WHAT NEEDS TO BE DONE: The lines to repeat are those below from the one containing "#51=VECTOR('',#50,1.);" down to the one containing "#97=VERTEX_POINT('',#96);", both included; reproduce them exactly and nothing else.
[Opening DATA section]
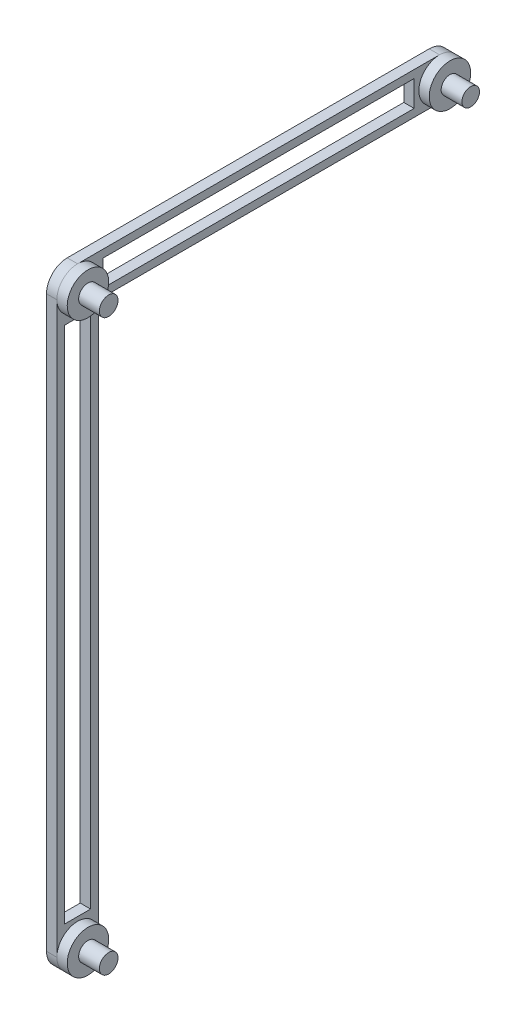
ISO-10303-21;
HEADER;
FILE_DESCRIPTION(('STEP AP214'),'2;1');
FILE_NAME('part.step','',(''),(''),'','','');
FILE_SCHEMA(('AUTOMOTIVE_DESIGN { 1 0 10303 214 1 1 1 1 }'));
ENDSEC;
DATA;
#1=APPLICATION_CONTEXT('core data for automotive mechanical design processes');
#2=APPLICATION_PROTOCOL_DEFINITION('international standard','automotive_design',2000,#1);
#3=PRODUCT_CONTEXT('',#1,'mechanical');
#4=PRODUCT('Part','Part','',(#3));
#5=PRODUCT_RELATED_PRODUCT_CATEGORY('part','',(#4));
#6=PRODUCT_DEFINITION_FORMATION('','',#4);
#7=PRODUCT_DEFINITION_CONTEXT('part definition',#1,'design');
#8=PRODUCT_DEFINITION('design','',#6,#7);
#9=PRODUCT_DEFINITION_SHAPE('','',#8);
#10=(LENGTH_UNIT() NAMED_UNIT(*) SI_UNIT(.MILLI.,.METRE.));
#11=(NAMED_UNIT(*) PLANE_ANGLE_UNIT() SI_UNIT($,.RADIAN.));
#12=(NAMED_UNIT(*) SI_UNIT($,.STERADIAN.) SOLID_ANGLE_UNIT());
#13=UNCERTAINTY_MEASURE_WITH_UNIT(LENGTH_MEASURE(1.E-05),#10,'distance_accuracy_value','');
#14=(GEOMETRIC_REPRESENTATION_CONTEXT(3) GLOBAL_UNCERTAINTY_ASSIGNED_CONTEXT((#13)) GLOBAL_UNIT_ASSIGNED_CONTEXT((#10,
#11,#12)) REPRESENTATION_CONTEXT('',''));
#15=CARTESIAN_POINT('',(0.,0.,0.));
#16=DIRECTION('',(0.,0.,1.));
#17=DIRECTION('',(1.,0.,0.));
#18=AXIS2_PLACEMENT_3D('',#15,#16,#17);
#19=CARTESIAN_POINT('',(1.,0.,0.));
#20=DIRECTION('',(1.,0.,0.));
#21=DIRECTION('',(0.,0.,-1.));
#22=AXIS2_PLACEMENT_3D('',#19,#20,#21);
#23=PLANE('',#22);
#24=DIRECTION('',(0.,1.,0.));
#25=VECTOR('',#24,1.);
#26=CARTESIAN_POINT('',(1.,1.25,-15.));
#27=LINE('',#26,#25);
#28=CARTESIAN_POINT('',(1.,-1.25,-15.));
#29=VERTEX_POINT('',#28);
#30=CARTESIAN_POINT('',(1.,1.25,-15.));
#31=VERTEX_POINT('',#30);
#32=EDGE_CURVE('E175',#29,#31,#27,.T.);
#33=ORIENTED_EDGE('',*,*,#32,.F.);
#34=DIRECTION('',(0.,0.,-1.));
#35=VECTOR('',#34,1.);
#36=CARTESIAN_POINT('',(1.,-1.25,15.));
#37=LINE('',#36,#35);
#38=CARTESIAN_POINT('',(1.,-1.25,15.));
#39=VERTEX_POINT('',#38);
#40=EDGE_CURVE('E179',#39,#29,#37,.T.);
#41=ORIENTED_EDGE('',*,*,#40,.F.);
#42=DIRECTION('',(0.,-1.,0.));
#43=VECTOR('',#42,1.);
#44=CARTESIAN_POINT('',(1.,1.25,15.));
#45=LINE('',#44,#43);
#46=CARTESIAN_POINT('',(1.,1.25,15.));
#47=VERTEX_POINT('',#46);
#48=EDGE_CURVE('E159',#47,#39,#45,.T.);
#49=ORIENTED_EDGE('',*,*,#48,.F.);
#50=DIRECTION('',(0.,0.,1.));
#51=VECTOR('',#50,1.);
#52=CARTESIAN_POINT('',(1.,1.25,15.));
#53=LINE('',#52,#51);
#54=EDGE_CURVE('E170',#31,#47,#53,.T.);
#55=ORIENTED_EDGE('',*,*,#54,.F.);
#56=EDGE_LOOP('',(#33,#41,#49,#55));
#57=FACE_BOUND('',#56,.T.);
#58=DIRECTION('',(0.,1.,0.));
#59=VECTOR('',#58,1.);
#60=CARTESIAN_POINT('',(1.,-2.5,16.2));
#61=LINE('',#60,#59);
#62=CARTESIAN_POINT('',(1.,-52.5,16.2));
#63=VERTEX_POINT('',#62);
#64=CARTESIAN_POINT('',(1.,-2.5,16.2));
#65=VERTEX_POINT('',#64);
#66=EDGE_CURVE('E201',#63,#65,#61,.T.);
#67=ORIENTED_EDGE('',*,*,#66,.F.);
#68=DIRECTION('',(0.,0.,-1.));
#69=VECTOR('',#68,1.);
#70=CARTESIAN_POINT('',(1.,-52.5,18.7));
#71=LINE('',#70,#69);
#72=CARTESIAN_POINT('',(1.,-52.5,18.7));
#73=VERTEX_POINT('',#72);
#74=EDGE_CURVE('E210',#73,#63,#71,.T.);
#75=ORIENTED_EDGE('',*,*,#74,.F.);
#76=DIRECTION('',(0.,-1.,0.));
#77=VECTOR('',#76,1.);
#78=CARTESIAN_POINT('',(1.,-2.5,18.7));
#79=LINE('',#78,#77);
#80=CARTESIAN_POINT('',(1.,-2.5,18.7));
#81=VERTEX_POINT('',#80);
#82=EDGE_CURVE('E207',#81,#73,#79,.T.);
#83=ORIENTED_EDGE('',*,*,#82,.F.);
#84=DIRECTION('',(0.,0.,1.));
#85=VECTOR('',#84,1.);
#86=CARTESIAN_POINT('',(1.,-2.5,18.7));
#87=LINE('',#86,#85);
#88=EDGE_CURVE('E203',#65,#81,#87,.T.);
#89=ORIENTED_EDGE('',*,*,#88,.F.);
#90=EDGE_LOOP('',(#67,#75,#83,#89));
#91=FACE_BOUND('',#90,.T.);
#92=DIRECTION('',(0.,0.,-1.));
#93=VECTOR('',#92,1.);
#94=CARTESIAN_POINT('',(1.,-2.,0.));
#95=LINE('',#94,#93);
#96=CARTESIAN_POINT('',(1.,-2.,15.45));
#97=VERTEX_POINT('',#96);
#98=CARTESIAN_POINT('',(1.,-2.,-17.45));
#99=VERTEX_POINT('',#98);
#100=EDGE_CURVE('E264',#97,#99,#95,.T.);
#101=ORIENTED_EDGE('',*,*,#100,.T.);
#102=CARTESIAN_POINT('',(1.,0.,-17.45));
#103=DIRECTION('',(1.,0.,0.));
#104=DIRECTION('',(0.,0.,-1.));
#105=AXIS2_PLACEMENT_3D('',#102,#103,#104);
#106=CIRCLE('',#105,2.);
#107=CARTESIAN_POINT('',(1.,2.,-17.45));
#108=VERTEX_POINT('',#107);
#109=EDGE_CURVE('E248',#108,#99,#106,.T.);
#110=ORIENTED_EDGE('',*,*,#109,.F.);
#111=DIRECTION('',(0.,0.,-1.));
#112=VECTOR('',#111,1.);
#113=CARTESIAN_POINT('',(1.,2.,0.));
#114=LINE('',#113,#112);
#115=CARTESIAN_POINT('',(1.,2.,17.45));
#116=VERTEX_POINT('',#115);
#117=EDGE_CURVE('E268',#116,#108,#114,.T.);
#118=ORIENTED_EDGE('',*,*,#117,.F.);
#119=CARTESIAN_POINT('',(1.,0.,17.45));
#120=DIRECTION('',(1.,0.,0.));
#121=DIRECTION('',(0.,0.,-1.));
#122=AXIS2_PLACEMENT_3D('',#119,#120,#121);
#123=CIRCLE('',#122,2.);
#124=CARTESIAN_POINT('',(1.,0.,19.45));
#125=VERTEX_POINT('',#124);
#126=EDGE_CURVE('E245',#125,#116,#123,.T.);
#127=ORIENTED_EDGE('',*,*,#126,.F.);
#128=DIRECTION('',(0.,-1.,0.));
#129=VECTOR('',#128,1.);
#130=CARTESIAN_POINT('',(1.,0.,19.45));
#131=LINE('',#130,#129);
#132=CARTESIAN_POINT('',(1.,-54.9,19.45));
#133=VERTEX_POINT('',#132);
#134=EDGE_CURVE('E271',#125,#133,#131,.T.);
#135=ORIENTED_EDGE('',*,*,#134,.T.);
#136=CARTESIAN_POINT('',(1.,-54.9,17.45));
#137=DIRECTION('',(1.,0.,0.));
#138=DIRECTION('',(0.,0.,-1.));
#139=AXIS2_PLACEMENT_3D('',#136,#137,#138);
#140=CIRCLE('',#139,2.);
#141=CARTESIAN_POINT('',(1.,-54.9,15.45));
#142=VERTEX_POINT('',#141);
#143=EDGE_CURVE('E252',#142,#133,#140,.T.);
#144=ORIENTED_EDGE('',*,*,#143,.F.);
#145=DIRECTION('',(0.,-1.,0.));
#146=VECTOR('',#145,1.);
#147=CARTESIAN_POINT('',(1.,0.,15.45));
#148=LINE('',#147,#146);
#149=EDGE_CURVE('E262',#97,#142,#148,.T.);
#150=ORIENTED_EDGE('',*,*,#149,.F.);
#151=EDGE_LOOP('',(#101,#110,#118,#127,#135,#144,#150));
#152=FACE_BOUND('',#151,.T.);
#153=ADVANCED_FACE('F35',(#57,#91,#152),#23,.T.);
#154=CARTESIAN_POINT('',(1.,0.,15.45));
#155=DIRECTION('',(0.,0.,-1.));
#156=DIRECTION('',(0.,1.,0.));
#157=AXIS2_PLACEMENT_3D('',#154,#155,#156);
#158=PLANE('',#157);
#159=ORIENTED_EDGE('',*,*,#149,.T.);
#160=DIRECTION('',(-1.,0.,0.));
#161=VECTOR('',#160,1.);
#162=CARTESIAN_POINT('',(0.,-54.9,15.45));
#163=LINE('',#162,#161);
#164=CARTESIAN_POINT('',(0.,-54.9,15.45));
#165=VERTEX_POINT('',#164);
#166=EDGE_CURVE('E228',#142,#165,#163,.T.);
#167=ORIENTED_EDGE('',*,*,#166,.T.);
#168=DIRECTION('',(0.,-1.,0.));
#169=VECTOR('',#168,1.);
#170=CARTESIAN_POINT('',(0.,0.,15.45));
#171=LINE('',#170,#169);
#172=CARTESIAN_POINT('',(0.,-2.,15.45));
#173=VERTEX_POINT('',#172);
#174=EDGE_CURVE('E258',#173,#165,#171,.T.);
#175=ORIENTED_EDGE('',*,*,#174,.F.);
#176=DIRECTION('',(-1.,0.,0.));
#177=VECTOR('',#176,1.);
#178=CARTESIAN_POINT('',(1.,-2.,15.45));
#179=LINE('',#178,#177);
#180=EDGE_CURVE('E274',#97,#173,#179,.T.);
#181=ORIENTED_EDGE('',*,*,#180,.F.);
#182=EDGE_LOOP('',(#159,#167,#175,#181));
#183=FACE_BOUND('',#182,.T.);
#184=ADVANCED_FACE('F328',(#183),#158,.T.);
#185=CARTESIAN_POINT('',(1.,-2.,0.));
#186=DIRECTION('',(0.,1.,0.));
#187=DIRECTION('',(0.,0.,1.));
#188=AXIS2_PLACEMENT_3D('',#185,#186,#187);
#189=PLANE('',#188);
#190=DIRECTION('',(0.,0.,-1.));
#191=VECTOR('',#190,1.);
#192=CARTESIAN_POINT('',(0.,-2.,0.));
[Closing DATA section]
EXERCISE RESPONSE:
#51=VECTOR('',#50,1.);
#52=CARTESIAN_POINT('',(1.,1.25,15.));
#53=LINE('',#52,#51);
#54=EDGE_CURVE('E170',#31,#47,#53,.T.);
#55=ORIENTED_EDGE('',*,*,#54,.F.);
#56=EDGE_LOOP('',(#33,#41,#49,#55));
#57=FACE_BOUND('',#56,.T.);
#58=DIRECTION('',(0.,1.,0.));
#59=VECTOR('',#58,1.);
#60=CARTESIAN_POINT('',(1.,-2.5,16.2));
#61=LINE('',#60,#59);
#62=CARTESIAN_POINT('',(1.,-52.5,16.2));
#63=VERTEX_POINT('',#62);
#64=CARTESIAN_POINT('',(1.,-2.5,16.2));
#65=VERTEX_POINT('',#64);
#66=EDGE_CURVE('E201',#63,#65,#61,.T.);
#67=ORIENTED_EDGE('',*,*,#66,.F.);
#68=DIRECTION('',(0.,0.,-1.));
#69=VECTOR('',#68,1.);
#70=CARTESIAN_POINT('',(1.,-52.5,18.7));
#71=LINE('',#70,#69);
#72=CARTESIAN_POINT('',(1.,-52.5,18.7));
#73=VERTEX_POINT('',#72);
#74=EDGE_CURVE('E210',#73,#63,#71,.T.);
#75=ORIENTED_EDGE('',*,*,#74,.F.);
#76=DIRECTION('',(0.,-1.,0.));
#77=VECTOR('',#76,1.);
#78=CARTESIAN_POINT('',(1.,-2.5,18.7));
#79=LINE('',#78,#77);
#80=CARTESIAN_POINT('',(1.,-2.5,18.7));
#81=VERTEX_POINT('',#80);
#82=EDGE_CURVE('E207',#81,#73,#79,.T.);
#83=ORIENTED_EDGE('',*,*,#82,.F.);
#84=DIRECTION('',(0.,0.,1.));
#85=VECTOR('',#84,1.);
#86=CARTESIAN_POINT('',(1.,-2.5,18.7));
#87=LINE('',#86,#85);
#88=EDGE_CURVE('E203',#65,#81,#87,.T.);
#89=ORIENTED_EDGE('',*,*,#88,.F.);
#90=EDGE_LOOP('',(#67,#75,#83,#89));
#91=FACE_BOUND('',#90,.T.);
#92=DIRECTION('',(0.,0.,-1.));
#93=VECTOR('',#92,1.);
#94=CARTESIAN_POINT('',(1.,-2.,0.));
#95=LINE('',#94,#93);
#96=CARTESIAN_POINT('',(1.,-2.,15.45));
#97=VERTEX_POINT('',#96);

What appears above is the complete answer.